- Born: March 5, 1928 Lawrence, Massachusetts, U.S.
- Died: June 10, 2021 (aged 93) Chappaqua, New York, U.S.
- Occupation: Actor
- Years active: 1953–2013
- Spouse: Patricia Anne Broderick (1961-2021)
- Children: 3

= Ray MacDonnell =

American actor (1928–2021)

Ray MacDonnell (March 5, 1928 – June 10, 2021) was an American television actor, best known for his role as Dr. Joe Martin, patriarch of the Martin family, on the daytime soap opera All My Children, a role he played for 40 years.

== Early years ==
MacDonnell was born on March 5, 1928, in Lawrence, Massachusetts. He attended Amherst College subsequently receiving a Fulbright Scholarship to London's Royal Academy of Dramatic Arts.

== Career ==
MacDonnell received a Daytime Emmy Award for Lifetime Achievement in 2004. Prior to appearing on All My Children, he played Philip Capice on the soap The Edge of Night from 1961 to 69. Other credits included Mame on Broadway from 1966 to 1970, and as Dick Tracy in the 1967 TV pilot of the same name.

In 2009, MacDonnell retired from All My Children.

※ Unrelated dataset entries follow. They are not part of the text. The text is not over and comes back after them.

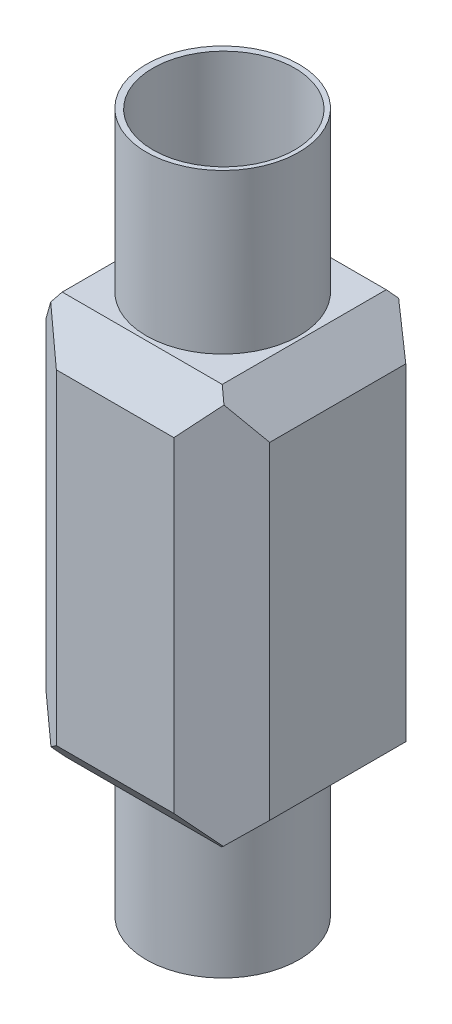
ISO-10303-21;
HEADER;
FILE_DESCRIPTION(('STEP AP214'),'2;1');
FILE_NAME('part.step','',(''),(''),'','','');
FILE_SCHEMA(('AUTOMOTIVE_DESIGN { 1 0 10303 214 1 1 1 1 }'));
ENDSEC;
DATA;
#1=APPLICATION_CONTEXT('core data for automotive mechanical design processes');
#2=APPLICATION_PROTOCOL_DEFINITION('international standard','automotive_design',2000,#1);
#3=PRODUCT_CONTEXT('',#1,'mechanical');
#4=PRODUCT('Part','Part','',(#3));
#5=PRODUCT_RELATED_PRODUCT_CATEGORY('part','',(#4));
#6=PRODUCT_DEFINITION_FORMATION('','',#4);
#7=PRODUCT_DEFINITION_CONTEXT('part definition',#1,'design');
#8=PRODUCT_DEFINITION('design','',#6,#7);
#9=PRODUCT_DEFINITION_SHAPE('','',#8);
#10=(LENGTH_UNIT() NAMED_UNIT(*) SI_UNIT(.MILLI.,.METRE.));
#11=(NAMED_UNIT(*) PLANE_ANGLE_UNIT() SI_UNIT($,.RADIAN.));
#12=(NAMED_UNIT(*) SI_UNIT($,.STERADIAN.) SOLID_ANGLE_UNIT());
#13=UNCERTAINTY_MEASURE_WITH_UNIT(LENGTH_MEASURE(1.E-05),#10,'distance_accuracy_value','');
#14=(GEOMETRIC_REPRESENTATION_CONTEXT(3) GLOBAL_UNCERTAINTY_ASSIGNED_CONTEXT((#13)) GLOBAL_UNIT_ASSIGNED_CONTEXT((#10,
#11,#12)) REPRESENTATION_CONTEXT('',''));
#15=CARTESIAN_POINT('',(0.,0.,0.));
#16=DIRECTION('',(0.,0.,1.));
#17=DIRECTION('',(1.,0.,0.));
#18=AXIS2_PLACEMENT_3D('',#15,#16,#17);
#19=CARTESIAN_POINT('',(0.,180.,0.));
#20=DIRECTION('',(-1.,0.,0.));
#21=DIRECTION('',(0.,0.,1.));
#22=AXIS2_PLACEMENT_3D('',#19,#20,#21);
#23=PLANE('',#22);
#24=DIRECTION('',(0.,0.,1.));
#25=VECTOR('',#24,1.);
#26=CARTESIAN_POINT('',(0.,162.25857257587,0.));
#27=LINE('',#26,#25);
#28=CARTESIAN_POINT('',(0.,162.25857257587,-79.942972796148));
#29=VERTEX_POINT('',#28);
#30=CARTESIAN_POINT('',(0.,162.25857257587,-18.835743686039));
#31=VERTEX_POINT('',#30);
#32=EDGE_CURVE('E266',#29,#31,#27,.T.);
#33=ORIENTED_EDGE('',*,*,#32,.T.);
#34=DIRECTION('',(0.,-1.,0.));
#35=VECTOR('',#34,1.);
#36=CARTESIAN_POINT('',(0.,180.,-18.835743686039));
#37=LINE('',#36,#35);
#38=CARTESIAN_POINT('',(0.,15.2573853040028,-18.835743686039));
#39=VERTEX_POINT('',#38);
#40=EDGE_CURVE('E220',#31,#39,#37,.T.);
#41=ORIENTED_EDGE('',*,*,#40,.T.);
#42=DIRECTION('',(0.,0.,1.));
#43=VECTOR('',#42,1.);
#44=CARTESIAN_POINT('',(0.,15.2573853040028,-400.));
#45=LINE('',#44,#43);
#46=CARTESIAN_POINT('',(0.,15.2573853040028,-79.942972796148));
#47=VERTEX_POINT('',#46);
#48=EDGE_CURVE('E255',#47,#39,#45,.T.);
#49=ORIENTED_EDGE('',*,*,#48,.F.);
#50=DIRECTION('',(0.,1.,0.));
#51=VECTOR('',#50,1.);
#52=CARTESIAN_POINT('',(0.,180.,-79.942972796148));
#53=LINE('',#52,#51);
#54=EDGE_CURVE('E157',#47,#29,#53,.T.);
#55=ORIENTED_EDGE('',*,*,#54,.T.);
#56=EDGE_LOOP('',(#33,#41,#49,#55));
#57=FACE_BOUND('',#56,.T.);
#58=ADVANCED_FACE('F33',(#57),#23,.F.);
#59=CARTESIAN_POINT('',(0.,180.,-100.));
#60=DIRECTION('',(0.,0.,1.));
#61=DIRECTION('',(1.,0.,0.));
#62=AXIS2_PLACEMENT_3D('',#59,#60,#61);
#63=PLANE('',#62);
#64=DIRECTION('',(-1.,0.,0.));
#65=VECTOR('',#64,1.);
#66=CARTESIAN_POINT('',(0.,11.2531638573118,-100.));
#67=LINE('',#66,#65);
#68=CARTESIAN_POINT('',(-26.8680350721203,11.2531638573118,-100.));
#69=VERTEX_POINT('',#68);
#70=CARTESIAN_POINT('',(-78.23623075056,11.2531638573118,-100.));
#71=VERTEX_POINT('',#70);
#72=EDGE_CURVE('E173',#69,#71,#67,.T.);
#73=ORIENTED_EDGE('',*,*,#72,.T.);
#74=DIRECTION('',(0.,1.,0.));
#75=VECTOR('',#74,1.);
#76=CARTESIAN_POINT('',(-78.23623075056,180.,-100.));
#77=LINE('',#76,#75);
#78=CARTESIAN_POINT('',(-78.23623075056,164.310416887307,-100.));
#79=VERTEX_POINT('',#78);
#80=EDGE_CURVE('E246',#71,#79,#77,.T.);
#81=ORIENTED_EDGE('',*,*,#80,.T.);
#82=DIRECTION('',(1.,0.,0.));
#83=VECTOR('',#82,1.);
#84=CARTESIAN_POINT('',(0.,164.310416887307,-100.));
#85=LINE('',#84,#83);
#86=CARTESIAN_POINT('',(-26.8680350721203,164.310416887307,-100.));
#87=VERTEX_POINT('',#86);
#88=EDGE_CURVE('E292',#79,#87,#85,.T.);
#89=ORIENTED_EDGE('',*,*,#88,.T.);
#90=DIRECTION('',(0.,-1.,0.));
#91=VECTOR('',#90,1.);
#92=CARTESIAN_POINT('',(-26.8680350721203,180.,-100.));
#93=LINE('',#92,#91);
#94=EDGE_CURVE('E174',#87,#69,#93,.T.);
#95=ORIENTED_EDGE('',*,*,#94,.T.);
#96=EDGE_LOOP('',(#73,#81,#89,#95));
#97=FACE_BOUND('',#96,.T.);
#98=ADVANCED_FACE('F374',(#97),#63,.F.);
#99=CARTESIAN_POINT('',(-100.,180.,0.));
#100=DIRECTION('',(1.,0.,0.));
#101=DIRECTION('',(0.,0.,-1.));
#102=AXIS2_PLACEMENT_3D('',#99,#100,#101);
#103=PLANE('',#102);
#104=DIRECTION('',(0.,0.,-1.));
#105=VECTOR('',#104,1.);
#106=CARTESIAN_POINT('',(-100.,160.896793159201,0.));
#107=LINE('',#106,#105);
#108=CARTESIAN_POINT('',(-100.,160.896793159201,-18.4618277268646));
#109=VERTEX_POINT('',#108);
#110=CARTESIAN_POINT('',(-100.,160.896793159201,-80.507743362499));
#111=VERTEX_POINT('',#110);
#112=EDGE_CURVE('E277',#109,#111,#107,.T.);
#113=ORIENTED_EDGE('',*,*,#112,.T.);
#114=DIRECTION('',(0.,-1.,0.));
#115=VECTOR('',#114,1.);
#116=CARTESIAN_POINT('',(-100.,180.,-80.507743362499));
#117=LINE('',#116,#115);
#118=CARTESIAN_POINT('',(-100.,14.8474354345408,-80.507743362499));
#119=VERTEX_POINT('',#118);
#120=EDGE_CURVE('E243',#111,#119,#117,.T.);
#121=ORIENTED_EDGE('',*,*,#120,.T.);
#122=DIRECTION('',(0.,0.,1.));
#123=VECTOR('',#122,1.);
#124=CARTESIAN_POINT('',(-100.,14.8474354345408,0.));
#125=LINE('',#124,#123);
#126=CARTESIAN_POINT('',(-100.,14.8474354345408,-18.4618277268646));
#127=VERTEX_POINT('',#126);
#128=EDGE_CURVE('E280',#119,#127,#125,.T.);
#129=ORIENTED_EDGE('',*,*,#128,.T.);
#130=DIRECTION('',(0.,1.,0.));
#131=VECTOR('',#130,1.);
#132=CARTESIAN_POINT('',(-100.,180.,-18.4618277268646));
#133=LINE('',#132,#131);
#134=EDGE_CURVE('E56',#127,#109,#133,.T.);
#135=ORIENTED_EDGE('',*,*,#134,.T.);
#136=EDGE_LOOP('',(#113,#121,#129,#135));
#137=FACE_BOUND('',#136,.T.);
#138=ADVANCED_FACE('F335',(#137),#103,.F.);
#139=CARTESIAN_POINT('',(0.,180.,0.));
#140=DIRECTION('',(0.,0.,-1.));
#141=DIRECTION('',(-1.,0.,0.));
#142=AXIS2_PLACEMENT_3D('',#139,#140,#141);
#143=PLANE('',#142);
#144=DIRECTION('',(1.,0.,0.));
#145=VECTOR('',#144,1.);
#146=CARTESIAN_POINT('',(0.,15.2573853040028,0.));
#147=LINE('',#146,#145);
#148=CARTESIAN_POINT('',(-76.9899954986816,15.2573853040028,0.));
#149=VERTEX_POINT('',#148);
#150=CARTESIAN_POINT('',(-24.2126205432622,15.2573853040028,0.));
#151=VERTEX_POINT('',#150);
#152=EDGE_CURVE('E288',#149,#151,#147,.T.);
#153=ORIENTED_EDGE('',*,*,#152,.T.);
#154=DIRECTION('',(0.,1.,0.));
#155=VECTOR('',#154,1.);
#156=CARTESIAN_POINT('',(-24.2126205432622,180.,0.));
#157=LINE('',#156,#155);
#158=CARTESIAN_POINT('',(-24.2126205432622,161.414269941332,0.));
#159=VERTEX_POINT('',#158);
#160=EDGE_CURVE('E217',#151,#159,#157,.T.);
#161=ORIENTED_EDGE('',*,*,#160,.T.);
#162=DIRECTION('',(-1.,0.,0.));
#163=VECTOR('',#162,1.);
#164=CARTESIAN_POINT('',(0.,161.414269941332,0.));
#165=LINE('',#164,#163);
#166=CARTESIAN_POINT('',(-76.9899954986816,161.414269941332,0.));
#167=VERTEX_POINT('',#166);
#168=EDGE_CURVE('E295',#159,#167,#165,.T.);
#169=ORIENTED_EDGE('',*,*,#168,.T.);
#170=DIRECTION('',(0.,-1.,0.));
#171=VECTOR('',#170,1.);
#172=CARTESIAN_POINT('',(-76.9899954986816,180.,0.));
#173=LINE('',#172,#171);
#174=EDGE_CURVE('E232',#167,#149,#173,.T.);
#175=ORIENTED_EDGE('',*,*,#174,.T.);
#176=EDGE_LOOP('',(#153,#161,#169,#175));
#177=FACE_BOUND('',#176,.T.);
#178=ADVANCED_FACE('F346',(#177),#143,.F.);
#179=CARTESIAN_POINT('',(0.,180.,0.));
#180=DIRECTION('',(0.,1.,0.));
#181=DIRECTION('',(0.,0.,1.));
#182=AXIS2_PLACEMENT_3D('',#179,#180,#181);
#183=PLANE('',#182);
#184=DIRECTION('',(0.,0.,-1.));
#185=VECTOR('',#184,1.);
#186=CARTESIAN_POINT('',(-87.3310077399419,180.,0.));
#187=LINE('',#186,#185);
#188=CARTESIAN_POINT('',(-87.3310077399419,180.,-12.9819708694114));
#189=VERTEX_POINT('',#188);
#190=CARTESIAN_POINT('',(-87.3310077399419,180.,-86.6502872632608));
#191=VERTEX_POINT('',#190);
#192=EDGE_CURVE('E272',#189,#191,#187,.T.);
#193=ORIENTED_EDGE('',*,*,#192,.F.);
#194=DIRECTION('',(-1.,0.,0.));
#195=VECTOR('',#194,1.);
#196=CARTESIAN_POINT('',(0.,180.,-12.9819708694114));
#197=LINE('',#196,#195);
#198=CARTESIAN_POINT('',(-15.4785584814982,180.,-12.9819708694114));
#199=VERTEX_POINT('',#198);
#200=EDGE_CURVE('E312',#199,#189,#197,.T.);
#201=ORIENTED_EDGE('',*,*,#200,.F.);
#202=DIRECTION('',(0.,0.,1.));
#203=VECTOR('',#202,1.);
#204=CARTESIAN_POINT('',(-15.4785584814982,180.,0.));
#205=LINE('',#204,#203);
#206=CARTESIAN_POINT('',(-15.4785584814982,180.,-86.6502872632608));
#207=VERTEX_POINT('',#206);
#208=EDGE_CURVE('E263',#207,#199,#205,.T.);
#209=ORIENTED_EDGE('',*,*,#208,.F.);
#210=DIRECTION('',(1.,0.,0.));
#211=VECTOR('',#210,1.);
#212=CARTESIAN_POINT('',(0.,180.,-86.6502872632607));
#213=LINE('',#212,#211);
#214=EDGE_CURVE('E309',#191,#207,#213,.T.);
#215=ORIENTED_EDGE('',*,*,#214,.F.);
#216=EDGE_LOOP('',(#193,#201,#209,#215));
#217=FACE_BOUND('',#216,.T.);
#218=CARTESIAN_POINT('',(-51.3772918332052,180.,-49.0765363844359));
#219=DIRECTION('',(0.,1.,0.));
#220=DIRECTION('',(0.,0.,1.));
#221=AXIS2_PLACEMENT_3D('',#218,#219,#220);
#222=CIRCLE('',#221,34.2577901971357);
#223=CARTESIAN_POINT('',(-51.3772918332052,180.,-14.8187461873002));
#224=VERTEX_POINT('',#223);
#225=EDGE_CURVE('E298',#224,#224,#222,.F.);
#226=ORIENTED_EDGE('',*,*,#225,.T.);
#227=EDGE_LOOP('',(#226));
#228=FACE_BOUND('',#227,.T.);
#229=ADVANCED_FACE('F328',(#217,#228),#183,.T.);
#230=CARTESIAN_POINT('',(0.,0.,0.));
#231=DIRECTION('',(0.,1.,0.));
#232=DIRECTION('',(0.,0.,1.));
#233=AXIS2_PLACEMENT_3D('',#230,#231,#232);
#234=PLANE('',#233);
#235=DIRECTION('',(1.,0.,0.));
#236=VECTOR('',#235,1.);
#237=CARTESIAN_POINT('',(0.,0.,-86.7744382892866));
#238=LINE('',#237,#236);
#239=CARTESIAN_POINT('',(-85.6232873351068,0.,-86.7744382892867));
#240=VERTEX_POINT('',#239);
#241=CARTESIAN_POINT('',(-15.6949887514202,0.,-86.7744382892866));
#242=VERTEX_POINT('',#241);
#243=EDGE_CURVE('E307',#240,#242,#238,.T.);
#244=ORIENTED_EDGE('',*,*,#243,.T.);
#245=DIRECTION('',(0.,0.,1.));
#246=VECTOR('',#245,1.);
#247=CARTESIAN_POINT('',(-15.6949887514202,0.,-400.));
#248=LINE('',#247,#246);
#249=CARTESIAN_POINT('',(-15.6949887514202,0.,-12.9819708694115));
#250=VERTEX_POINT('',#249);
#251=EDGE_CURVE('E179',#242,#250,#248,.T.);
#252=ORIENTED_EDGE('',*,*,#251,.T.);
#253=DIRECTION('',(-1.,0.,0.));
#254=VECTOR('',#253,1.);
#255=CARTESIAN_POINT('',(0.,0.,-12.9819708694114));
#256=LINE('',#255,#254);
#257=CARTESIAN_POINT('',(-85.6232873351069,0.,-12.9819708694114));
#258=VERTEX_POINT('',#257);
#259=EDGE_CURVE('E304',#250,#258,#256,.T.);
#260=ORIENTED_EDGE('',*,*,#259,.T.);
#261=DIRECTION('',(0.,0.,1.));
#262=VECTOR('',#261,1.);
#263=CARTESIAN_POINT('',(-85.6232873351068,0.,-400.));
#264=LINE('',#263,#262);
#265=CARTESIAN_POINT('',(-85.6232873351068,0.,-48.1776585981388));
#266=VERTEX_POINT('',#265);
#267=EDGE_CURVE('E257',#266,#258,#264,.T.);
#268=ORIENTED_EDGE('',*,*,#267,.F.);
#269=CARTESIAN_POINT('',(-51.3772918332052,0.,-49.0765363844359));
#270=DIRECTION('',(0.,1.,0.));
#271=DIRECTION('',(0.,0.,1.));
#272=AXIS2_PLACEMENT_3D('',#269,#270,#271);
#273=CIRCLE('',#272,34.2577901971357);
#274=CARTESIAN_POINT('',(-85.6232873351068,0.,-49.9754141707329));
#275=VERTEX_POINT('',#274);
#276=EDGE_CURVE('E301',#275,#266,#273,.F.);
#277=ORIENTED_EDGE('',*,*,#276,.F.);
#278=EDGE_CURVE('E262',#240,#275,#264,.T.);
#279=ORIENTED_EDGE('',*,*,#278,.F.);
#280=EDGE_LOOP('',(#244,#252,#260,#268,#277,#279));
#281=FACE_BOUND('',#280,.T.);
#282=ADVANCED_FACE('F355',(#281),#234,.F.);
#283=CARTESIAN_POINT('',(-51.3772918332052,530.,-49.0765363844359));
#284=DIRECTION('',(0.,-1.,0.));
#285=DIRECTION('',(0.,0.,-1.));
#286=AXIS2_PLACEMENT_3D('',#283,#284,#285);
#287=CYLINDRICAL_SURFACE('',#286,34.2577901971357);
#288=CARTESIAN_POINT('',(-51.3772918332052,-62.6813888831705,-49.0765363844359));
#289=DIRECTION('',(0.,1.,0.));
#290=DIRECTION('',(0.,0.,1.));
#291=AXIS2_PLACEMENT_3D('',#288,#289,#290);
#292=CIRCLE('',#291,34.2577901971357);
#293=CARTESIAN_POINT('',(-51.3772918332052,-62.6813888831705,-14.8187461873002));
#294=VERTEX_POINT('',#293);
#295=EDGE_CURVE('E175',#294,#294,#292,.T.);
#296=ORIENTED_EDGE('',*,*,#295,.T.);
#297=EDGE_LOOP('',(#296));
#298=FACE_BOUND('',#297,.T.);
#299=ORIENTED_EDGE('',*,*,#276,.T.);
#300=CARTESIAN_POINT('',(-51.3772918332052,86.1655593743765,-49.0765363844359));
#301=DIRECTION('',(0.929293452580676,-0.369342224760028,0.));
#302=DIRECTION('',(-0.369342224760028,-0.929293452580676,0.));
#303=AXIS2_PLACEMENT_3D('',#300,#301,#302);
#304=ELLIPSE('',#303,92.7535166589576,34.2577901971357);
#305=EDGE_CURVE('E163',#266,#275,#304,.T.);
#306=ORIENTED_EDGE('',*,*,#305,.T.);
#307=EDGE_LOOP('',(#299,#306));
#308=FACE_BOUND('',#307,.T.);
#309=ADVANCED_FACE('F361',(#298,#308),#287,.T.);
#310=CARTESIAN_POINT('',(-51.3772918332052,251.428834106385,-49.0765363844359));
#311=DIRECTION('',(0.,-1.,0.));
#312=DIRECTION('',(0.,0.,-1.));
#313=AXIS2_PLACEMENT_3D('',#310,#311,#312);
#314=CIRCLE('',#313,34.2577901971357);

Production of the show moved from New York to California, marking the end of his 40-year run. His retirement from All My Children left Susan Lucci, portrayer of Erica Kane, as the only original cast member on the show. In 2011, it was announced that MacDonnell along with on-screen wife, Lee Meriwether as Ruth Martin, would be making a limited return to All My Children. MacDonnell also returned to All My Children for its finale which aired on September 23, 2011.

==Personal life and death==
In 1961, MacDonnell married Patricia Anne Broderick. They had three children- Sarah, Kyle, and Daniel.

He died at his home in Chappaqua, New York, on June 10, 2021, at the age of 93.